HOW TO COMPLETE THIS TASK
Only the lines from the one containing "#384=FACE_BOUND('',#383,.T.);" through the end of the entries should be repeated, exactly as they appear, first and last included.

[Stored items]
= Beginning of Section =
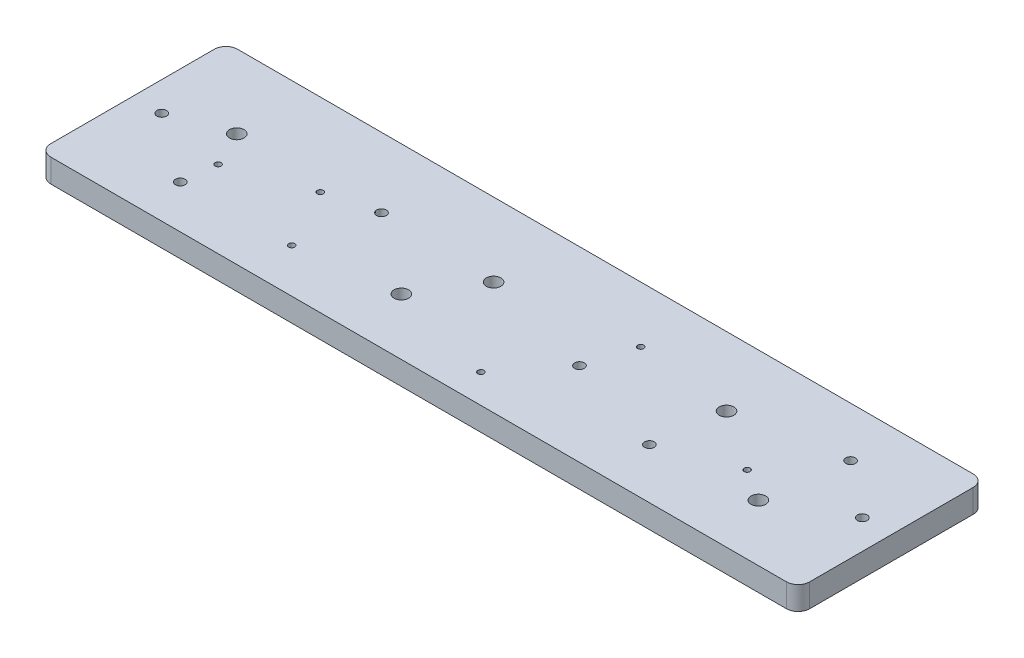
ISO-10303-21;
HEADER;
FILE_DESCRIPTION(('STEP AP214'),'2;1');
FILE_NAME('part.step','',(''),(''),'','','');
FILE_SCHEMA(('AUTOMOTIVE_DESIGN { 1 0 10303 214 1 1 1 1 }'));
ENDSEC;
DATA;
#1=APPLICATION_CONTEXT('core data for automotive mechanical design processes');
#2=APPLICATION_PROTOCOL_DEFINITION('international standard','automotive_design',2000,#1);
#3=PRODUCT_CONTEXT('',#1,'mechanical');
#4=PRODUCT('Part','Part','',(#3));
#5=PRODUCT_RELATED_PRODUCT_CATEGORY('part','',(#4));
#6=PRODUCT_DEFINITION_FORMATION('','',#4);
#7=PRODUCT_DEFINITION_CONTEXT('part definition',#1,'design');
#8=PRODUCT_DEFINITION('design','',#6,#7);
#9=PRODUCT_DEFINITION_SHAPE('','',#8);
#10=(LENGTH_UNIT() NAMED_UNIT(*) SI_UNIT(.MILLI.,.METRE.));
#11=(NAMED_UNIT(*) PLANE_ANGLE_UNIT() SI_UNIT($,.RADIAN.));
#12=(NAMED_UNIT(*) SI_UNIT($,.STERADIAN.) SOLID_ANGLE_UNIT());
#13=UNCERTAINTY_MEASURE_WITH_UNIT(LENGTH_MEASURE(1.E-05),#10,'distance_accuracy_value','');
#14=(GEOMETRIC_REPRESENTATION_CONTEXT(3) GLOBAL_UNCERTAINTY_ASSIGNED_CONTEXT((#13)) GLOBAL_UNIT_ASSIGNED_CONTEXT((#10,
#11,#12)) REPRESENTATION_CONTEXT('',''));
#15=CARTESIAN_POINT('',(0.,0.,0.));
#16=DIRECTION('',(0.,0.,1.));
#17=DIRECTION('',(1.,0.,0.));
#18=AXIS2_PLACEMENT_3D('',#15,#16,#17);
#19=CARTESIAN_POINT('',(0.,0.,0.));
#20=DIRECTION('',(0.,-1.,0.));
#21=DIRECTION('',(0.,0.,-1.));
#22=AXIS2_PLACEMENT_3D('',#19,#20,#21);
#23=PLANE('',#22);
#24=CARTESIAN_POINT('',(25.,0.,-80.));
#25=DIRECTION('',(0.,1.,0.));
#26=DIRECTION('',(0.,0.,1.));
#27=AXIS2_PLACEMENT_3D('',#24,#25,#26);
#28=CIRCLE('',#27,4.2);
#29=CARTESIAN_POINT('',(25.,0.,-75.8));
#30=VERTEX_POINT('',#29);
#31=EDGE_CURVE('E337',#30,#30,#28,.T.);
#32=ORIENTED_EDGE('',*,*,#31,.T.);
#33=EDGE_LOOP('',(#32));
#34=FACE_BOUND('',#33,.T.);
#35=CARTESIAN_POINT('',(625.,0.,-80.));
#36=DIRECTION('',(0.,1.,0.));
#37=DIRECTION('',(0.,0.,1.));
#38=AXIS2_PLACEMENT_3D('',#35,#36,#37);
#39=CIRCLE('',#38,4.19999999999998);
#40=CARTESIAN_POINT('',(625.,0.,-75.8));
#41=VERTEX_POINT('',#40);
#42=EDGE_CURVE('E329',#41,#41,#39,.T.);
#43=ORIENTED_EDGE('',*,*,#42,.T.);
#44=EDGE_LOOP('',(#43));
#45=FACE_BOUND('',#44,.T.);
#46=CARTESIAN_POINT('',(178.587076189916,0.,-37.6529586931211));
#47=DIRECTION('',(0.,1.,0.));
#48=DIRECTION('',(0.,0.,1.));
#49=AXIS2_PLACEMENT_3D('',#46,#47,#48);
#50=CIRCLE('',#49,2.59999999999999);
#51=CARTESIAN_POINT('',(178.587076189916,0.,-35.0529586931211));
#52=VERTEX_POINT('',#51);
#53=EDGE_CURVE('E321',#52,#52,#50,.T.);
#54=ORIENTED_EDGE('',*,*,#53,.T.);
#55=EDGE_LOOP('',(#54));
#56=FACE_BOUND('',#55,.T.);
#57=CARTESIAN_POINT('',(151.347462457807,0.,-89.4082247841275));
#58=DIRECTION('',(0.,1.,0.));
#59=DIRECTION('',(0.,0.,1.));
#60=AXIS2_PLACEMENT_3D('',#57,#58,#59);
#61=CIRCLE('',#60,2.59999999999999);
#62=CARTESIAN_POINT('',(151.347462457807,0.,-86.8082247841275));
#63=VERTEX_POINT('',#62);
#64=EDGE_CURVE('E313',#63,#63,#61,.T.);
#65=ORIENTED_EDGE('',*,*,#64,.T.);
#66=EDGE_LOOP('',(#65));
#67=FACE_BOUND('',#66,.T.);
#68=CARTESIAN_POINT('',(353.601594418714,0.,-24.7141421703694));
#69=DIRECTION('',(0.,1.,0.));
#70=DIRECTION('',(0.,0.,1.));
#71=AXIS2_PLACEMENT_3D('',#68,#69,#70);
#72=CIRCLE('',#71,2.59999999999999);
#73=CARTESIAN_POINT('',(353.601594418714,0.,-22.1141421703694));
#74=VERTEX_POINT('',#73);
#75=EDGE_CURVE('E305',#74,#74,#72,.T.);
#76=ORIENTED_EDGE('',*,*,#75,.T.);
#77=EDGE_LOOP('',(#76));
#78=FACE_BOUND('',#77,.T.);
#79=CARTESIAN_POINT('',(403.313889479812,0.,-111.880906113117));
#80=DIRECTION('',(0.,1.,0.));
#81=DIRECTION('',(0.,0.,1.));
#82=AXIS2_PLACEMENT_3D('',#79,#80,#81);
#83=CIRCLE('',#82,2.59999999999999);
#84=CARTESIAN_POINT('',(403.313889479812,0.,-109.280906113117));
#85=VERTEX_POINT('',#84);
#86=EDGE_CURVE('E297',#85,#85,#83,.T.);
#87=ORIENTED_EDGE('',*,*,#86,.T.);
#88=EDGE_LOOP('',(#87));
#89=FACE_BOUND('',#88,.T.);
#90=CARTESIAN_POINT('',(540.192948483658,0.,-66.2545531118351));
#91=DIRECTION('',(0.,1.,0.));
#92=DIRECTION('',(0.,0.,1.));
#93=AXIS2_PLACEMENT_3D('',#90,#91,#92);
#94=CIRCLE('',#93,2.60000000000005);
#95=CARTESIAN_POINT('',(540.192948483658,0.,-63.6545531118351));
#96=VERTEX_POINT('',#95);
#97=EDGE_CURVE('E289',#96,#96,#94,.T.);
#98=ORIENTED_EDGE('',*,*,#97,.T.);
#99=EDGE_LOOP('',(#98));
#100=FACE_BOUND('',#99,.T.);
#101=CARTESIAN_POINT('',(87.0078360424779,0.,-66.2545531118351));
#102=DIRECTION('',(0.,1.,0.));
#103=DIRECTION('',(0.,0.,1.));
#104=AXIS2_PLACEMENT_3D('',#101,#102,#103);
#105=CIRCLE('',#104,2.59999999999999);
#106=CARTESIAN_POINT('',(87.0078360424779,0.,-63.6545531118351));
#107=VERTEX_POINT('',#106);
#108=EDGE_CURVE('E281',#107,#107,#105,.T.);
#109=ORIENTED_EDGE('',*,*,#108,.T.);
#110=EDGE_LOOP('',(#109));
#111=FACE_BOUND('',#110,.T.);
#112=CARTESIAN_POINT('',(192.887873399273,0.,-100.304070276971));
#113=DIRECTION('',(0.,1.,0.));
#114=DIRECTION('',(0.,0.,1.));
#115=AXIS2_PLACEMENT_3D('',#112,#113,#114);
#116=CIRCLE('',#115,4.14999999999999);
#117=CARTESIAN_POINT('',(192.887873399273,0.,-96.154070276971));
#118=VERTEX_POINT('',#117);
#119=EDGE_CURVE('E273',#118,#118,#116,.T.);
#120=ORIENTED_EDGE('',*,*,#119,.T.);
#121=EDGE_LOOP('',(#120));
#122=FACE_BOUND('',#121,.T.);
#123=CARTESIAN_POINT('',(83.9294184708383,0.,-36.9719683498184));
#124=DIRECTION('',(0.,1.,0.));
#125=DIRECTION('',(0.,0.,1.));
#126=AXIS2_PLACEMENT_3D('',#123,#124,#125);
#127=CIRCLE('',#126,4.15);
#128=CARTESIAN_POINT('',(83.9294184708383,0.,-32.8219683498184));
#129=VERTEX_POINT('',#128);
#130=EDGE_CURVE('E265',#129,#129,#127,.T.);
#131=ORIENTED_EDGE('',*,*,#130,.T.);
#132=EDGE_LOOP('',(#131));
#133=FACE_BOUND('',#132,.T.);
#134=CARTESIAN_POINT('',(391.056063300363,0.,-71.7024758582569));
#135=DIRECTION('',(0.,1.,0.));
#136=DIRECTION('',(0.,0.,1.));
#137=AXIS2_PLACEMENT_3D('',#134,#135,#136);
#138=CIRCLE('',#137,4.14999999999999);
#139=CARTESIAN_POINT('',(391.056063300363,0.,-67.5524758582569));
#140=VERTEX_POINT('',#139);
#141=EDGE_CURVE('E257',#140,#140,#138,.T.);
#142=ORIENTED_EDGE('',*,*,#141,.T.);
#143=EDGE_LOOP('',(#142));
#144=FACE_BOUND('',#143,.T.);
#145=CARTESIAN_POINT('',(577.647417365308,0.,-117.328828859539));
#146=DIRECTION('',(0.,1.,0.));
#147=DIRECTION('',(0.,0.,1.));
#148=AXIS2_PLACEMENT_3D('',#145,#146,#147);
#149=CIRCLE('',#148,4.14999999999999);
#150=CARTESIAN_POINT('',(577.647417365308,0.,-113.178828859539));
#151=VERTEX_POINT('',#150);
#152=EDGE_CURVE('E249',#151,#151,#149,.T.);
#153=ORIENTED_EDGE('',*,*,#152,.T.);
#154=EDGE_LOOP('',(#153));
#155=FACE_BOUND('',#154,.T.);
#156=DIRECTION('',(0.,0.,-1.));
#157=VECTOR('',#156,1.);
#158=CARTESIAN_POINT('',(0.,0.,0.));
#159=LINE('',#158,#157);
#160=CARTESIAN_POINT('',(0.,0.,-10.));
#161=VERTEX_POINT('',#160);
#162=CARTESIAN_POINT('',(0.,0.,-150.));
#163=VERTEX_POINT('',#162);
#164=EDGE_CURVE('E114',#161,#163,#159,.T.);
#165=ORIENTED_EDGE('',*,*,#164,.T.);
#166=CARTESIAN_POINT('',(10.,0.,-150.));
#167=DIRECTION('',(0.,-1.,0.));
#168=DIRECTION('',(0.,0.,-1.));
#169=AXIS2_PLACEMENT_3D('',#166,#167,#168);
#170=CIRCLE('',#169,10.);
#171=CARTESIAN_POINT('',(10.,0.,-160.));
#172=VERTEX_POINT('',#171);
#173=EDGE_CURVE('E122',#163,#172,#170,.T.);
#174=ORIENTED_EDGE('',*,*,#173,.T.);
#175=DIRECTION('',(1.,0.,0.));
#176=VECTOR('',#175,1.);
#177=CARTESIAN_POINT('',(0.,0.,-160.));
#178=LINE('',#177,#176);
#179=CARTESIAN_POINT('',(640.,0.,-160.));
#180=VERTEX_POINT('',#179);
#181=EDGE_CURVE('E134',#172,#180,#178,.T.);
#182=ORIENTED_EDGE('',*,*,#181,.T.);
#183=CARTESIAN_POINT('',(640.,0.,-150.));
#184=DIRECTION('',(0.,-1.,0.));
#185=DIRECTION('',(0.,0.,-1.));
#186=AXIS2_PLACEMENT_3D('',#183,#184,#185);
#187=CIRCLE('',#186,10.);
#188=CARTESIAN_POINT('',(650.,0.,-150.));
#189=VERTEX_POINT('',#188);
#190=EDGE_CURVE('E123',#180,#189,#187,.T.);
#191=ORIENTED_EDGE('',*,*,#190,.T.);
#192=DIRECTION('',(0.,0.,-1.));
#193=VECTOR('',#192,1.);
#194=CARTESIAN_POINT('',(650.,0.,0.));
#195=LINE('',#194,#193);
#196=CARTESIAN_POINT('',(650.,0.,-10.));
#197=VERTEX_POINT('',#196);
#198=EDGE_CURVE('E185',#197,#189,#195,.T.);
#199=ORIENTED_EDGE('',*,*,#198,.F.);
#200=CARTESIAN_POINT('',(640.,0.,-10.));
#201=DIRECTION('',(0.,-1.,0.));
#202=DIRECTION('',(0.,0.,-1.));
#203=AXIS2_PLACEMENT_3D('',#200,#201,#202);
#204=CIRCLE('',#203,10.);
#205=CARTESIAN_POINT('',(640.,0.,0.));
#206=VERTEX_POINT('',#205);
#207=EDGE_CURVE('E145',#197,#206,#204,.T.);
#208=ORIENTED_EDGE('',*,*,#207,.T.);
#209=DIRECTION('',(1.,0.,0.));
#210=VECTOR('',#209,1.);
#211=CARTESIAN_POINT('',(0.,0.,0.));
#212=LINE('',#211,#210);
#213=CARTESIAN_POINT('',(10.,0.,0.));
#214=VERTEX_POINT('',#213);
#215=EDGE_CURVE('E116',#214,#206,#212,.T.);
#216=ORIENTED_EDGE('',*,*,#215,.F.);
#217=CARTESIAN_POINT('',(10.,0.,-10.));
#218=DIRECTION('',(0.,-1.,0.));
#219=DIRECTION('',(0.,0.,-1.));
#220=AXIS2_PLACEMENT_3D('',#217,#218,#219);
#221=CIRCLE('',#220,10.);
#222=EDGE_CURVE('E111',#214,#161,#221,.T.);
#223=ORIENTED_EDGE('',*,*,#222,.T.);
#224=EDGE_LOOP('',(#165,#174,#182,#191,#199,#208,#216,#223));
#225=FACE_BOUND('',#224,.T.);
#226=CARTESIAN_POINT('',(292.31246352147,0.,-96.8991185604573));
#227=DIRECTION('',(0.,1.,0.));
#228=DIRECTION('',(0.,0.,1.));
#229=AXIS2_PLACEMENT_3D('',#226,#227,#228);
#230=CIRCLE('',#229,6.24999999999998);
#231=CARTESIAN_POINT('',(292.31246352147,0.,-90.6491185604574));
#232=VERTEX_POINT('',#231);
#233=EDGE_CURVE('E135',#232,#232,#230,.T.);
#234=ORIENTED_EDGE('',*,*,#233,.T.);
#235=EDGE_LOOP('',(#234));
#236=FACE_BOUND('',#235,.T.);
#237=CARTESIAN_POINT('',(567.432562215767,0.,-48.5488041859645));
#238=DIRECTION('',(0.,1.,0.));
#239=DIRECTION('',(0.,0.,1.));
#240=AXIS2_PLACEMENT_3D('',#237,#238,#239);
#241=CIRCLE('',#240,6.24999999999998);
#242=CARTESIAN_POINT('',(567.432562215767,0.,-42.2988041859645));
#243=VERTEX_POINT('',#242);
#244=EDGE_CURVE('E209',#243,#243,#241,.T.);
#245=ORIENTED_EDGE('',*,*,#244,.T.);
#246=EDGE_LOOP('',(#245));
#247=FACE_BOUND('',#246,.T.);
#248=CARTESIAN_POINT('',(487.756692049349,0.,-100.985060620274));
#249=DIRECTION('',(0.,1.,0.));
#250=DIRECTION('',(0.,0.,1.));
#251=AXIS2_PLACEMENT_3D('',#248,#249,#250);
#252=CIRCLE('',#251,6.24999999999998);
#253=CARTESIAN_POINT('',(487.756692049349,0.,-94.7350606202737));
#254=VERTEX_POINT('',#253);
#255=EDGE_CURVE('E217',#254,#254,#252,.T.);
#256=ORIENTED_EDGE('',*,*,#255,.T.);
#257=EDGE_LOOP('',(#256));
#258=FACE_BOUND('',#257,.T.);
#259=CARTESIAN_POINT('',(261.667898072847,0.,-48.5488041859645));
#260=DIRECTION('',(0.,1.,0.));
#261=DIRECTION('',(0.,0.,1.));
#262=AXIS2_PLACEMENT_3D('',#259,#260,#261);
#263=CIRCLE('',#262,6.24999999999998);
#264=CARTESIAN_POINT('',(261.667898072847,0.,-42.2988041859645));
#265=VERTEX_POINT('',#264);
#266=EDGE_CURVE('E225',#265,#265,#263,.T.);
#267=ORIENTED_EDGE('',*,*,#266,.T.);
#268=EDGE_LOOP('',(#267));
#269=FACE_BOUND('',#268,.T.);
#270=CARTESIAN_POINT('',(72.3525826346922,0.,-96.8991185604573));
#271=DIRECTION('',(0.,1.,0.));
#272=DIRECTION('',(0.,0.,1.));
#273=AXIS2_PLACEMENT_3D('',#270,#271,#272);
#274=CIRCLE('',#273,6.24999999999999);
#275=CARTESIAN_POINT('',(72.3525826346922,0.,-90.6491185604574));
#276=VERTEX_POINT('',#275);
#277=EDGE_CURVE('E233',#276,#276,#274,.T.);
#278=ORIENTED_EDGE('',*,*,#277,.T.);
#279=EDGE_LOOP('',(#278));
#280=FACE_BOUND('',#279,.T.);
#281=CARTESIAN_POINT('',(479.584807929716,0.,-43.1008814395428));
#282=DIRECTION('',(0.,1.,0.));
#283=DIRECTION('',(0.,0.,1.));
#284=AXIS2_PLACEMENT_3D('',#281,#282,#283);
#285=CIRCLE('',#284,4.14999999999999);
#286=CARTESIAN_POINT('',(479.584807929716,0.,-38.9508814395428));
#287=VERTEX_POINT('',#286);
#288=EDGE_CURVE('E241',#287,#287,#285,.T.);
#289=ORIENTED_EDGE('',*,*,#288,.T.);
#290=EDGE_LOOP('',(#289));
#291=FACE_BOUND('',#290,.T.);
#292=ADVANCED_FACE('F45',(#34,#45,#56,#67,#78,#89,#100,#111,#122,#133,#144,#155,#225,#236,#247,
#258,#269,#280,#291),#23,.T.);
#293=CARTESIAN_POINT('',(0.,20.,0.));
#294=DIRECTION('',(-1.,0.,0.));
#295=DIRECTION('',(0.,0.,1.));
#296=AXIS2_PLACEMENT_3D('',#293,#294,#295);
#297=PLANE('',#296);
#298=DIRECTION('',(0.,0.,-1.));
#299=VECTOR('',#298,1.);
#300=CARTESIAN_POINT('',(0.,20.,0.));
#301=LINE('',#300,#299);
#302=CARTESIAN_POINT('',(0.,20.,-10.));
#303=VERTEX_POINT('',#302);
#304=CARTESIAN_POINT('',(0.,20.,-150.));
#305=VERTEX_POINT('',#304);
#306=EDGE_CURVE('E191',#303,#305,#301,.T.);
#307=ORIENTED_EDGE('',*,*,#306,.T.);
#308=DIRECTION('',(0.,-1.,0.));
#309=VECTOR('',#308,1.);
#310=CARTESIAN_POINT('',(0.,20.,-150.));
#311=LINE('',#310,#309);
#312=EDGE_CURVE('E132',#305,#163,#311,.T.);
#313=ORIENTED_EDGE('',*,*,#312,.T.);
#314=ORIENTED_EDGE('',*,*,#164,.F.);
#315=DIRECTION('',(0.,-1.,0.));
#316=VECTOR('',#315,1.);
#317=CARTESIAN_POINT('',(0.,20.,-10.));
#318=LINE('',#317,#316);
#319=EDGE_CURVE('E129',#161,#303,#318,.F.);
#320=ORIENTED_EDGE('',*,*,#319,.T.);
#321=EDGE_LOOP('',(#307,#313,#314,#320));
#322=FACE_BOUND('',#321,.T.);
#323=ADVANCED_FACE('F128',(#322),#297,.T.);
#324=CARTESIAN_POINT('',(0.,20.,0.));
#325=DIRECTION('',(0.,0.,-1.));
#326=DIRECTION('',(-1.,0.,0.));
#327=AXIS2_PLACEMENT_3D('',#324,#325,#326);
#328=PLANE('',#327);
#329=DIRECTION('',(1.,0.,0.));
#330=VECTOR('',#329,1.);
#331=CARTESIAN_POINT('',(0.,20.,0.));
#332=LINE('',#331,#330);
#333=CARTESIAN_POINT('',(10.,20.,0.));
#334=VERTEX_POINT('',#333);
#335=CARTESIAN_POINT('',(640.,20.,0.));
#336=VERTEX_POINT('',#335);
#337=EDGE_CURVE('E141',#334,#336,#332,.T.);
#338=ORIENTED_EDGE('',*,*,#337,.F.);
#339=DIRECTION('',(0.,-1.,0.));
#340=VECTOR('',#339,1.);
#341=CARTESIAN_POINT('',(10.,0.,0.));
#342=LINE('',#341,#340);
#343=EDGE_CURVE('E178',#334,#214,#342,.T.);
#344=ORIENTED_EDGE('',*,*,#343,.T.);
#345=ORIENTED_EDGE('',*,*,#215,.T.);
#346=DIRECTION('',(0.,-1.,0.));
#347=VECTOR('',#346,1.);
#348=CARTESIAN_POINT('',(640.,20.,0.));
#349=LINE('',#348,#347);
#350=EDGE_CURVE('E175',#206,#336,#349,.F.);
#351=ORIENTED_EDGE('',*,*,#350,.T.);
#352=EDGE_LOOP('',(#338,#344,#345,#351));
#353=FACE_BOUND('',#352,.T.);
#354=ADVANCED_FACE('F411',(#353),#328,.F.);
#355=CARTESIAN_POINT('',(650.,20.,0.));
#356=DIRECTION('',(-1.,0.,0.));
#357=DIRECTION('',(0.,0.,1.));
#358=AXIS2_PLACEMENT_3D('',#355,#356,#357);
#359=PLANE('',#358);
#360=ORIENTED_EDGE('',*,*,#198,.T.);
#361=DIRECTION('',(0.,-1.,0.));
#362=VECTOR('',#361,1.);
#363=CARTESIAN_POINT('',(650.,20.,-150.));
#364=LINE('',#363,#362);
#365=CARTESIAN_POINT('',(650.,20.,-150.));
#366=VERTEX_POINT('',#365);
#367=EDGE_CURVE('E11',#189,#366,#364,.F.);
#368=ORIENTED_EDGE('',*,*,#367,.T.);
#369=DIRECTION('',(0.,0.,-1.));
#370=VECTOR('',#369,1.);
#371=CARTESIAN_POINT('',(650.,20.,0.));
#372=LINE('',#371,#370);
#373=CARTESIAN_POINT('',(650.,20.,-10.));
#374=VERTEX_POINT('',#373);
#375=EDGE_CURVE('E147',#374,#366,#372,.T.);
#376=ORIENTED_EDGE('',*,*,#375,.F.);
#377=DIRECTION('',(0.,-1.,0.));
#378=VECTOR('',#377,1.);
#379=CARTESIAN_POINT('',(650.,20.,-10.));
#380=LINE('',#379,#378);
#381=EDGE_CURVE('E54',#374,#197,#380,.T.);
#382=ORIENTED_EDGE('',*,*,#381,.T.);
#383=EDGE_LOOP('',(#360,#368,#376,#382));
#384=FACE_BOUND('',#383,.T.);
#385=ADVANCED_FACE('F184',(#384),#359,.F.);
#386=CARTESIAN_POINT('',(0.,20.,-160.));
#387=DIRECTION('',(0.,0.,-1.));
#388=DIRECTION('',(-1.,0.,0.));
#389=AXIS2_PLACEMENT_3D('',#386,#387,#388);
#390=PLANE('',#389);
#391=ORIENTED_EDGE('',*,*,#181,.F.);
#392=DIRECTION('',(0.,-1.,0.));
#393=VECTOR('',#392,1.);
#394=CARTESIAN_POINT('',(10.,20.,-160.));
#395=LINE('',#394,#393);
#396=CARTESIAN_POINT('',(10.,20.,-160.));
#397=VERTEX_POINT('',#396);
#398=EDGE_CURVE('E162',#172,#397,#395,.F.);
#399=ORIENTED_EDGE('',*,*,#398,.T.);
#400=DIRECTION('',(1.,0.,0.));
#401=VECTOR('',#400,1.);
#402=CARTESIAN_POINT('',(0.,20.,-160.));
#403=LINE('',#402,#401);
= End of Section =
RESULT OF THE EXERCISE
#384=FACE_BOUND('',#383,.T.);
#385=ADVANCED_FACE('F184',(#384),#359,.F.);
#386=CARTESIAN_POINT('',(0.,20.,-160.));
#387=DIRECTION('',(0.,0.,-1.));
#388=DIRECTION('',(-1.,0.,0.));
#389=AXIS2_PLACEMENT_3D('',#386,#387,#388);
#390=PLANE('',#389);
#391=ORIENTED_EDGE('',*,*,#181,.F.);
#392=DIRECTION('',(0.,-1.,0.));
#393=VECTOR('',#392,1.);
#394=CARTESIAN_POINT('',(10.,20.,-160.));
#395=LINE('',#394,#393);
#396=CARTESIAN_POINT('',(10.,20.,-160.));
#397=VERTEX_POINT('',#396);
#398=EDGE_CURVE('E162',#172,#397,#395,.F.);
#399=ORIENTED_EDGE('',*,*,#398,.T.);
#400=DIRECTION('',(1.,0.,0.));
#401=VECTOR('',#400,1.);
#402=CARTESIAN_POINT('',(0.,20.,-160.));
#403=LINE('',#402,#401);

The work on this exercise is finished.